The bottom line: stacking bf16, gradient checkpointing, 8-bit optimizer, and gradient accumulation takes you from needing two A100s to training on a single consumer GPU. The training will be slower, but it works.

Common Errors and Fixes

torch.cuda.OutOfMemoryError: CUDA out of memory. Tried to allocate 2.00 GiB

The most common error in LLM training. PyTorch is asking for a contiguous block of memory that doesn’t exist. First, check what’s actually allocated:

1
print(torch.cuda.memory_summary())

If “reserved” is much larger than “allocated,” you have fragmentation. Set the environment variable before your script runs:

1
export PYTORCH_CUDA_ALLOC_CONF=expandable_segments:True

This lets the allocator grow segments incrementally instead of requesting large contiguous blocks, which reduces fragmentation significantly on PyTorch 2.1+.
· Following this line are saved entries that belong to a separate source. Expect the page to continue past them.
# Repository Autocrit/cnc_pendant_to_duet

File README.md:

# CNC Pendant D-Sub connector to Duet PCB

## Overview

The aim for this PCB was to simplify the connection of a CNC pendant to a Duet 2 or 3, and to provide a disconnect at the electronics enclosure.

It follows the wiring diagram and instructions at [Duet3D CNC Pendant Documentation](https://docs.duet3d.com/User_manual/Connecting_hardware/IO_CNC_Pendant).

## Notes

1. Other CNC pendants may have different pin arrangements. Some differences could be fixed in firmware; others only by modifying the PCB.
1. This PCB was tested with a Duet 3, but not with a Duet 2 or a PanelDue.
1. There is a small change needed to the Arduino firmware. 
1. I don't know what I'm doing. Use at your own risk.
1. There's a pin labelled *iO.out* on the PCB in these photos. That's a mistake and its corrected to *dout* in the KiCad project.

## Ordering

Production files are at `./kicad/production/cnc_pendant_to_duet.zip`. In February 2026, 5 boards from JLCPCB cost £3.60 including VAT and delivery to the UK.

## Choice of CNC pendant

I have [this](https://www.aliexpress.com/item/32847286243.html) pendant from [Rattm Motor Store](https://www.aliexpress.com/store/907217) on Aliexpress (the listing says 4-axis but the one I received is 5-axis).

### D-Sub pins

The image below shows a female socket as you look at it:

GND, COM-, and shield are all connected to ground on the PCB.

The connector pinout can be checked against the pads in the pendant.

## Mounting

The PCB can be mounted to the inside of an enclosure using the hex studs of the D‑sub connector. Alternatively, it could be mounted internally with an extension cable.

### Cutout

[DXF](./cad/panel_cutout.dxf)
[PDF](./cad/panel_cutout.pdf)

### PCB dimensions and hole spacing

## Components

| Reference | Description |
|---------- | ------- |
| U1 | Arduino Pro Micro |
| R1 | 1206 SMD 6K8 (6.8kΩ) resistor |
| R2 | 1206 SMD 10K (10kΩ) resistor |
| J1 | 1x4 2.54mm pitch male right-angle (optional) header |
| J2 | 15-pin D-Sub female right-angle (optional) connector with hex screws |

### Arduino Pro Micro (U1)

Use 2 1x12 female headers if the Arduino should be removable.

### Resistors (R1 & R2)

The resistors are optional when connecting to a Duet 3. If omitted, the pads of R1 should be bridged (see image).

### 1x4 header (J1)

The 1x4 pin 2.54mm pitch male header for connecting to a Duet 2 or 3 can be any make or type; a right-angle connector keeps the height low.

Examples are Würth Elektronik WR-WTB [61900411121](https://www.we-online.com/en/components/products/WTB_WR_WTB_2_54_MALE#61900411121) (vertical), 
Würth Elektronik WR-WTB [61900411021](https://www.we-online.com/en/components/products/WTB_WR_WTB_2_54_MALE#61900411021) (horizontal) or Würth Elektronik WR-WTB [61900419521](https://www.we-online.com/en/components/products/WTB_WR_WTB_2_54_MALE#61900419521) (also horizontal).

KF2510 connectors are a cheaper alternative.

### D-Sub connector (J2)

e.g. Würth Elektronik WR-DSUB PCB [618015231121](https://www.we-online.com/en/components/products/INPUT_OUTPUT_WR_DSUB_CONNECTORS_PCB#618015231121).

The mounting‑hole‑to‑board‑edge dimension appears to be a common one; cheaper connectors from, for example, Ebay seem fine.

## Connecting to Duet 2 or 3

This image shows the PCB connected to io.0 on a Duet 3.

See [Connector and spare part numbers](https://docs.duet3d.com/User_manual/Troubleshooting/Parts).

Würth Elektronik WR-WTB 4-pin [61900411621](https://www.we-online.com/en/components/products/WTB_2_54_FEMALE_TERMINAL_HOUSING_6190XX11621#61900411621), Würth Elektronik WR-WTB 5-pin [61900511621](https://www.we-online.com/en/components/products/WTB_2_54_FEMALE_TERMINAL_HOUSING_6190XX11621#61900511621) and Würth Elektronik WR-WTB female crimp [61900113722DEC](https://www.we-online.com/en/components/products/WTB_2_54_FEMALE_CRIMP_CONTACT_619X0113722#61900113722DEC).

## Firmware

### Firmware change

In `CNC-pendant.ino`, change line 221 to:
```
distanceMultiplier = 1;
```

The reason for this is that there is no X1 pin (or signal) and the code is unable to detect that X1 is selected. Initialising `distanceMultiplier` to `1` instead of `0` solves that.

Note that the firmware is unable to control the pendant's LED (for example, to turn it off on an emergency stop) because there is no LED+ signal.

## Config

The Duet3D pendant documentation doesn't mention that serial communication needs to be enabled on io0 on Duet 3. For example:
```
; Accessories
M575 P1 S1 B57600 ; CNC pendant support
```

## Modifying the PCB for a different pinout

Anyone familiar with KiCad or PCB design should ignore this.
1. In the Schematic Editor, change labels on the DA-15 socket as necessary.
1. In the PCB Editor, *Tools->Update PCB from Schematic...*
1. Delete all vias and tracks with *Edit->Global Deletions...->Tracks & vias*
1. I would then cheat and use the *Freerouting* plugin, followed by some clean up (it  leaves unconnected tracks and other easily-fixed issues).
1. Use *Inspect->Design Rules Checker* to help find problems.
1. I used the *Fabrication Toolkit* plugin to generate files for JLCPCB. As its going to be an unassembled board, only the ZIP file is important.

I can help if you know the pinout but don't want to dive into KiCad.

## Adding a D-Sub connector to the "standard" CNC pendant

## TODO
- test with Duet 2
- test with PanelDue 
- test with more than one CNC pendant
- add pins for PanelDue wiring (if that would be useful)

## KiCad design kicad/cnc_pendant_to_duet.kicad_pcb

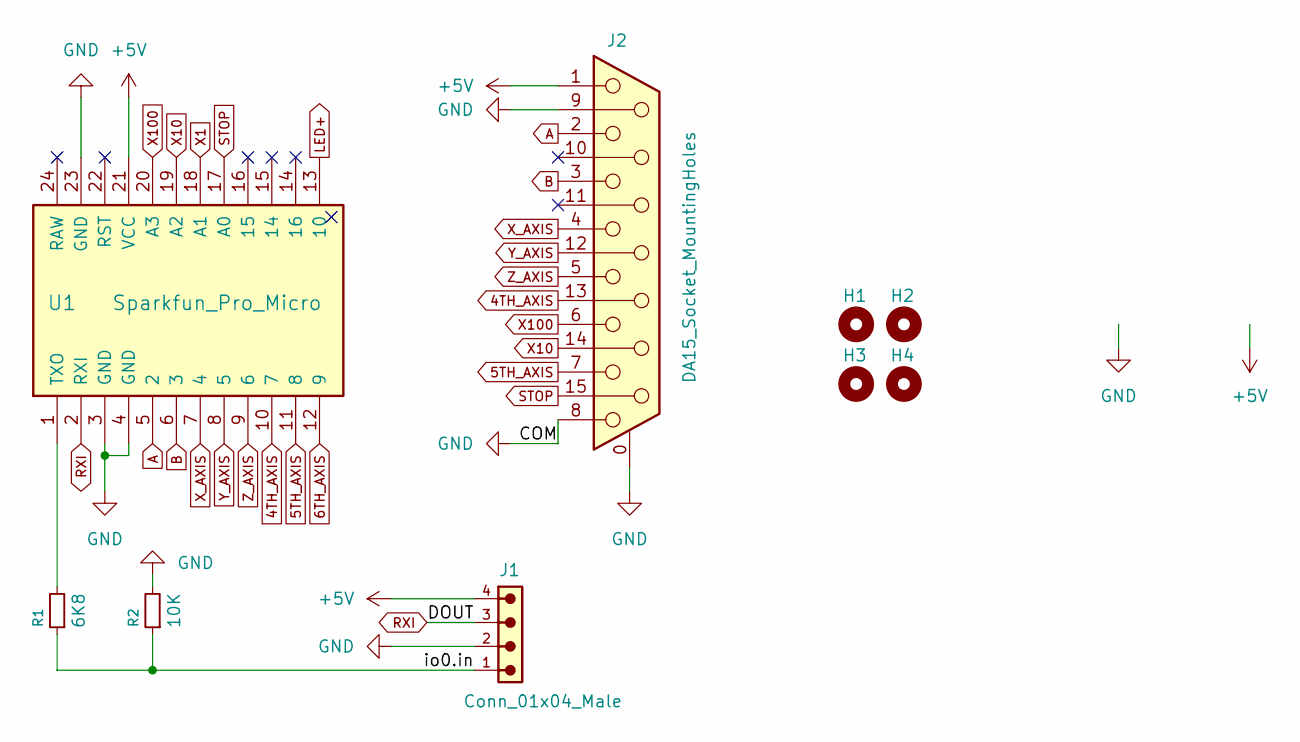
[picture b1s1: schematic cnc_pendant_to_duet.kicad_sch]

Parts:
H1, H2, H3, H4: MountingHole; MountingHole_3.2mm_M3_DIN965_Pad
J1: Conn_01x04_Male; 61900411021
J2: DA15_Socket_MountingHoles; DSUB-15_Socket_Horizontal_P2.77x2.84mm_EdgePinOffset7.70mm_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
R1: 6K8; R_1206_3216Metric_Pad1.30x1.75mm_HandSolder
R2: 10K; R_1206_3216Metric_Pad1.30x1.75mm_HandSolder
U1: Sparkfun_Pro_Micro

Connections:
4TH_AXIS: J2.13, U1.10 (7)
5TH_AXIS: J2.7, U1.11 (8)
6TH_AXIS: U1.12 (9)
+5V: J1.4, J2.1, U1.21 (VCC)
/io0.in: J1.1, R1.1, R2.1
A: J2.2, U1.5 (2)
B: J2.3, U1.6 (3)
GND: J1.2, J2.0 (PAD), J2.8, J2.9, R2.2, U1.3 (GND), U1.4 (GND), U1.23 (GND)
LED+: U1.13 (10)
unnamed: R1.2, U1.1 (TXO)
RXI: J1.3, U1.2 (RXI)
STOP: J2.15, U1.17 (A0)
X1: U1.18 (A1)
X10: J2.14, U1.19 (A2)
X100: J2.6, U1.20 (A3)
X_AXIS: J2.4, U1.7 (4)
Y_AXIS: J2.12, U1.8 (5)
Z_AXIS: J2.5, U1.9 (6)

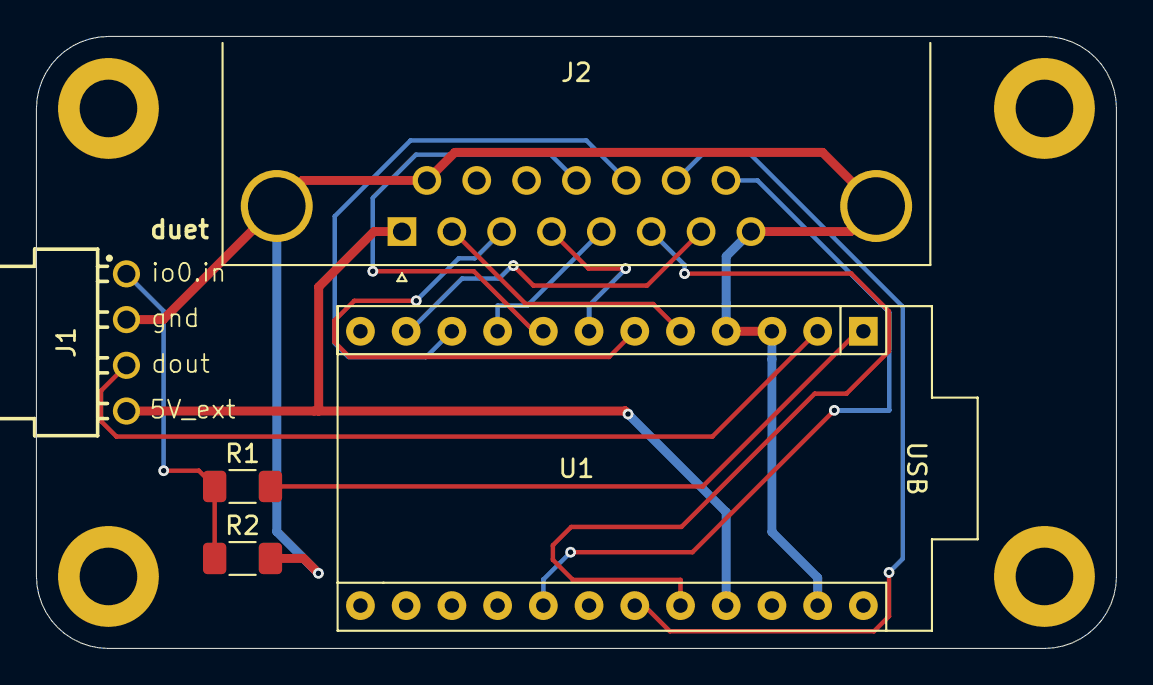
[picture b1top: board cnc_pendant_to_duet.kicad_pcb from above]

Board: 2 copper layers, 60.0 x 34.0 mm, 9 parts (0 on the bottom side), 15 nets.

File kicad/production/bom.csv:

Designator,Footprint,Quantity,Value,LCSC Part #
J1,61900411021,1,Conn_01x04_Male,
J2,DSUB-15_Socket_Horizontal_P2.77x2.84mm_EdgePinOffset7.70mm_Housed_MountingHolesOffset9.12mm,1,DA15_Socket_MountingHoles,
R1,1206,1,6K8,
R2,1206,1,10K,
U1,Sparkfun_Pro_Micro,1,Sparkfun_Pro_Micro,

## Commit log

2026-02-04 readme
2026-02-05 KiCad initial commit
2026-02-05 renaming
2026-02-06 Confusion over connecting to Duet and PanelDue
    Change to silkscreens
2026-02-07 production files
2026-02-11 10k resistor and Arduino pin 4 to GND
    PCB not updated from schematic at this point
2026-02-15 Switched to global labels in schematic. Updated PCB
    Not tested
2026-02-15 Corrected i0.in to io0.in on silkscreen
    Regenerated production files
2026-02-15 Silkscreen text fixes. Regenerated production files
2026-03-05 Rename to cnc_pendant_to_duet

RuntimeError: Expected all tensors to be on the same device

This happens when gradient checkpointing moves some tensors to CPU. Make sure your input tensors and model are on the same device. With HuggingFace models using device_map="auto", some layers may land on CPU if VRAM is tight. Force everything to GPU:

1
2
3
model = AutoModelForCausalLM.from_pretrained(
    model_id, torch_dtype=torch.bfloat16, device_map="cuda"  # not "auto"
)

ValueError: fp16 mixed precision requires a GPU with compute capability >= 7.0

Your GPU doesn’t support fp16 at hardware speed. Switch to bf16 if you’re on Ampere+ hardware, or use fp32 on older GPUs. Check compute capability:

1
2
print(torch.cuda.get_device_capability())
# (8, 0) = Ampere, (9, 0) = Hopper, (7, 0) = Volta

Loss is NaN after enabling mixed precision.

fp16 is more prone to this than bf16 due to its limited range. Switch to bf16 if your hardware supports it. If you must use fp16, make sure you’re using GradScaler:

1
2
3
4
5
6
scaler = torch.amp.GradScaler("cuda")
with torch.autocast(device_type="cuda", dtype=torch.float16):
    loss = model(**batch).loss
scaler.scale(loss).backward()
scaler.step(optimizer)
scaler.update()

bitsandbytes throws CUDA Setup failed on import.

The library can’t find your CUDA installation. Set the path explicitly:

1
2
export LD_LIBRARY_PATH=/usr/local/cuda/lib64:$LD_LIBRARY_PATH
pip install bitsandbytes --force-reinstall --no-cache-dir

Verify with:

1
2
import bitsandbytes as bnb
print(bnb.cuda_setup.main())

Training slows down dramatically after enabling gradient checkpointing.

A 20-30% slowdown is normal. More than 50% suggests you’re checkpointing too aggressively. With HuggingFace models, the checkpointing granularity is per transformer layer, which is the right balance. If you’re wrapping custom code, checkpoint entire blocks rather than individual operations.